Mit „Sharp View“ kommt dann wieder eine instrumentale Eigenkomposition, die chillig wirkt und erneut in die Nähe von Bands der Marke Schiller weist. „Don’t Speak“ wird von Solarphase in einer sehr ruhigen und jazzigen Form interpretiert, bei der man genau hinhören muss, um den Titel zu erkennen. Dadurch wirkt der Song wie ein komplett neues Stück. „Can You Tell“ ist der erste gesungene eigene Titel. Auch in diesem sanft dahin gleitenden Song machen Solarphase eine sehr gute Figur. Man hat das Gefühl zu schweben oder an einem sonnendurchfluteten Strand am Tresen einer Bar zu sitzen und den Tag zu genießen. Sehr gut gefällt mir hier auch das E-Gitarren-Solo im letzten Drittel.

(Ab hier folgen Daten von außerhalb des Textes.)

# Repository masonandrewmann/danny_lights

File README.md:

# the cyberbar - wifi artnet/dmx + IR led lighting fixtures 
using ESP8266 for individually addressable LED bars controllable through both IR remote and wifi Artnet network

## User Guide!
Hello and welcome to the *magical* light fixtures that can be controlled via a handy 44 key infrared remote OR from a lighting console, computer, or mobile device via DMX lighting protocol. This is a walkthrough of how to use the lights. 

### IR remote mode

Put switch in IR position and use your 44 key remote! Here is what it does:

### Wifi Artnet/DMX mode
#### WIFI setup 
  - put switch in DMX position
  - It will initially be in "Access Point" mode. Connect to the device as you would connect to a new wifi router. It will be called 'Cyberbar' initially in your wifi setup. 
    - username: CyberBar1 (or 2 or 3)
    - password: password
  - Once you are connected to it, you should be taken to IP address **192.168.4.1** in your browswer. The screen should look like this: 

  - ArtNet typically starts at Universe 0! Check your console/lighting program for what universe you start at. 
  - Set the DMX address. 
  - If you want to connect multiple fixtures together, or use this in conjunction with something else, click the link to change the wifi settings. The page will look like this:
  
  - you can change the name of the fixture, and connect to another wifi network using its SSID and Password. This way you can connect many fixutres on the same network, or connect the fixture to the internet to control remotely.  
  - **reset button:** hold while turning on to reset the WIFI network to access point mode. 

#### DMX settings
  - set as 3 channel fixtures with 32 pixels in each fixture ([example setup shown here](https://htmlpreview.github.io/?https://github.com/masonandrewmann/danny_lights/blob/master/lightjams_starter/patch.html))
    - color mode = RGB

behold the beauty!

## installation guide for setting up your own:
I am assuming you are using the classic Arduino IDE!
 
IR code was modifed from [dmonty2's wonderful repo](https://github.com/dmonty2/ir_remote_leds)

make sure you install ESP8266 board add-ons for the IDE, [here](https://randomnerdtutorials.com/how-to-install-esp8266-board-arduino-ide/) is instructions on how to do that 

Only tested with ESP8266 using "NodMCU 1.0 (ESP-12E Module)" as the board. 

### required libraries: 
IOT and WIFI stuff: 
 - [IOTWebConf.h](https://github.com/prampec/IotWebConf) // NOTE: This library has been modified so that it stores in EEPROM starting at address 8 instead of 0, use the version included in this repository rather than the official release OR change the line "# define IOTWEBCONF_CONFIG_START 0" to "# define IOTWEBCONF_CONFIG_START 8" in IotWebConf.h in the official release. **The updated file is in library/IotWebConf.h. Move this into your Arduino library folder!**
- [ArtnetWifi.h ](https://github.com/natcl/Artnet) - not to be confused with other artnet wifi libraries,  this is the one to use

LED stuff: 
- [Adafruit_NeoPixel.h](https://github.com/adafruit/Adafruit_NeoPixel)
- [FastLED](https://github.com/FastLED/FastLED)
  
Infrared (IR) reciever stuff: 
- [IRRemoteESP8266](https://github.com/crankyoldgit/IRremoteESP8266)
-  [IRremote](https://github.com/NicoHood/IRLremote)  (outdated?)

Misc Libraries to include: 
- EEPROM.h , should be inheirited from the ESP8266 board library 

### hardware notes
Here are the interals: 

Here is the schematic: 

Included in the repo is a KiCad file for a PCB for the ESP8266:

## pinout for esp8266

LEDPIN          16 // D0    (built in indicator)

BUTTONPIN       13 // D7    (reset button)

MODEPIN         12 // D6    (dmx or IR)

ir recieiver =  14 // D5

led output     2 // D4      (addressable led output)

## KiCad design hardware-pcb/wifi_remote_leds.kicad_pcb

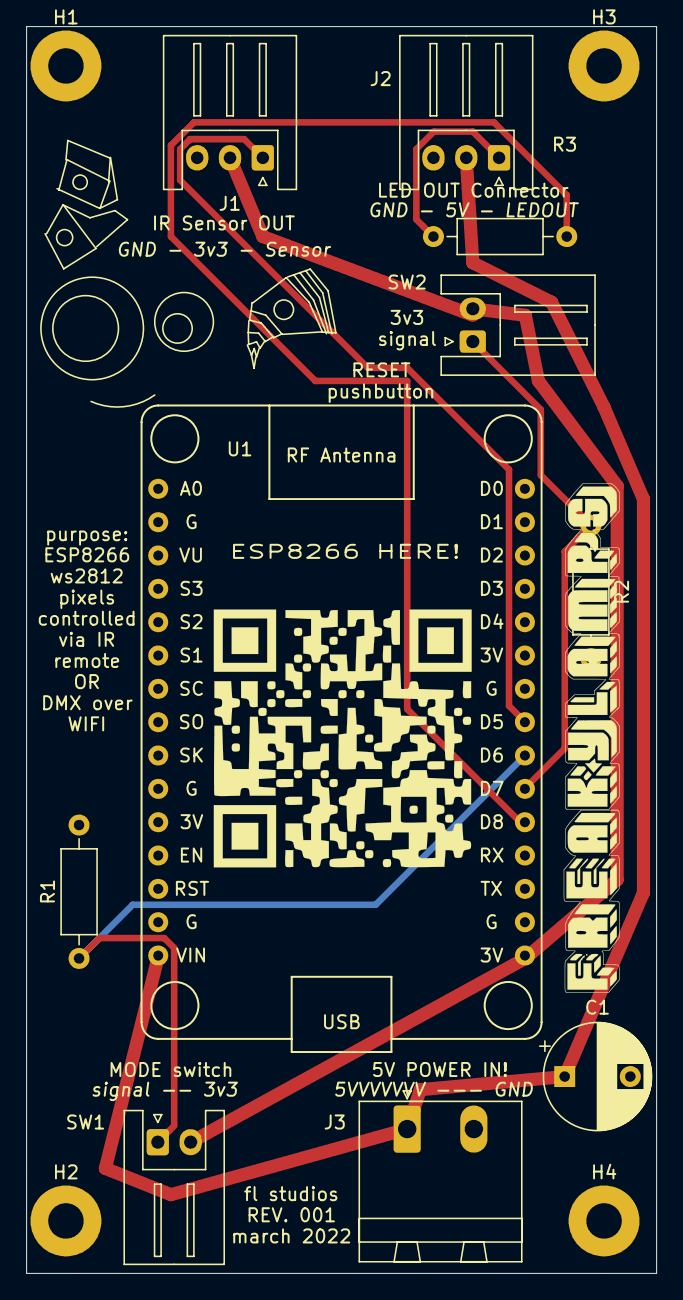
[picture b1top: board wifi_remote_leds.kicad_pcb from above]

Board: 2 copper layers, 48.0 x 95.0 mm, 14 parts (0 on the bottom side), 8 nets.

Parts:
C1: 1000uF; CP_Radial_D8.0mm_P5.00mm
H1, H2, H3, H4: MountingHole; MountingHole_2.7mm_M2.5_Pad
J1: IR_connector; JST_XH_S3B-XH-A_1x03_P2.50mm_Horizontal
J2: LED out connector; JST_XH_S3B-XH-A_1x03_P2.50mm_Horizontal
J3: POWER IN; PhoenixContact_MSTBA_2,5_2-G-5,08_1x02_P5.08mm_Horizontal
R1, R2: 10k; R_Axial_DIN0207_L6.3mm_D2.5mm_P10.16mm_Horizontal
R3: 470; R_Axial_DIN0207_L6.3mm_D2.5mm_P10.16mm_Horizontal
SW1: SW_SPST; JST_XH_S2B-XH-A_1x02_P2.50mm_Horizontal
SW2: SW_Push; JST_XH_S2B-XH-A_1x02_P2.50mm_Horizontal
U1: NodeMCU_1.0_(ESP-12E); NodeMCU1.0(12-E)

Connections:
3v3: J1.2, SW1.2, SW2.2, U1.16
+5V: C1.1, J2.2, J3.1, U1.15
GND: C1.2, J1.3, J2.3, J3.2, R1.2, R2.2, U1.10, U1.14, U1.17, U1.24
IR_SENSOR: J1.1, U1.23
LED_OUT: J2.1, R3.1
MODE_SW: R1.1, SW1.1, U1.22
unnamed: R3.2, U1.20
RESET_PB: R2.1, SW2.1, U1.21

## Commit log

2020-12-11 testing...
2020-12-12 webserver inputs for DMX address and universe
2020-12-12 dmx configuration stored in EEPROM
2021-01-07 added mode switch button on GPIO15 (D8 on dev board). Wired with a 10k pulldown
2021-01-07 button pin switched to GPIO13 (D7). Integrated access point and DMX input code.
2021-01-07 fixed EEPROM overwriting issue and cleaned some print statements
2021-01-07 cleanup
2021-01-07 file cleanup
2021-01-07 removed commented out code
2021-01-07 Add files via upload
    artnet over wifi sketch from Fly On A Wall frames. Included is a watchdog function that puts the thing to sleep if its not connected to a network. we can take that out. we should make it so that it h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
2021-01-09 created new branch
2021-01-09 fixed filestructue
2021-01-09 wifi control works
2021-01-10 artnet control code integrated
2021-01-10 removed extraneous files
2021-01-10 removed unused libraries
2021-01-10 removed more unused libraries
2021-01-10 removed even more unused libraries :0
2021-02-03 began integrating IR remote control
2021-02-09 IR code adapted to ESP8266
2021-02-09 began integrating artnet and ir, fixed EEPROM overlap
2021-02-09 fixed EEPROM for real and integrated the two program modes
2021-02-10 some minor changes, commiting for consistency
2021-03-02 fixed gradient mode
2021-03-02 eeprom recalls previous settings
2021-03-03 diy color picker added
2021-03-03 fixed a bug where bad IR values would exit diy mode
2021-03-03 eeprom fixed with commit messages
2022-05-23 code-ap names, new pinouts etc
2022-05-26 cleaning up
2022-05-26 readme
2022-05-26 readme and more
2022-05-26 finalizing changes in readme, cyberbar1 is default code now
2022-05-26 small readme changes

„Maniac“ ist bekannt aus dem Tanzfilm „Flashdance“ und wird in der Interpretation von Solarphase wieder entschleunigt. Der Song wirkt wieder recht loungig und jazzig und lädt zum Träumen ein. Dem folgt dann eine Interpretation eines Stückes des im 19. Jahrhundert lebenden spanischen Komponisten Isaac Albéniz mit dem Titel „Asturias“. Den Track spielen Solarphase sowohl atmosphärisch (durch die Keyboardsounds) wie auch rockig (E-Gitarren-Soli und Schlagzeugrhythmus). Nadja Kossinskaja ist in diesem Stück an der Akustikgitarre zu hören. Das klingt wie Tangerine Dream in den 2000’ern.

Ein eingängiger Popsong ist die Eigenkomposition „Summer Smile“, dagegen zeigt sich das von Rethmann komponierte Instrumental „Passing By“ von seiner rhythmischen Seite. Dies ist für mich der schwächste Titel der CD und das, obwohl noch die Interpretation eines Schlagers folgt. Aber „Tränen lügen nicht“ bekommt in dieser loungigen Version eine ganz andere Ausstrahlung. Über weite Strecken kommen Solarphase hier auch wieder in die Nähe von Schiller. Vor allem im atmosphärischen Mittelteil kann dieser Song überzeugen.

Wenn schon Coverversionen veröffentlicht werden, dann sollten sie zwar ihre Seele behalten, aber doch so verändert sein, dass sie erheblich vom Original abweichen. Und genau das haben Solarphase geschafft. Die Songs machen in dem neuen Gewand wirklich eine Menge Spaß. Und die Eigenkompositionen im Stile von Schiller & Co. sind überzeugend dargeboten. Klanglich ist die CD darüber hinaus auf einem sehr hohen Niveau abgemischt und braucht sich vor großen Produktionen nicht zu verstecken. Die CD macht neugierig, wie die Münsteraner die Stücke live darbieten.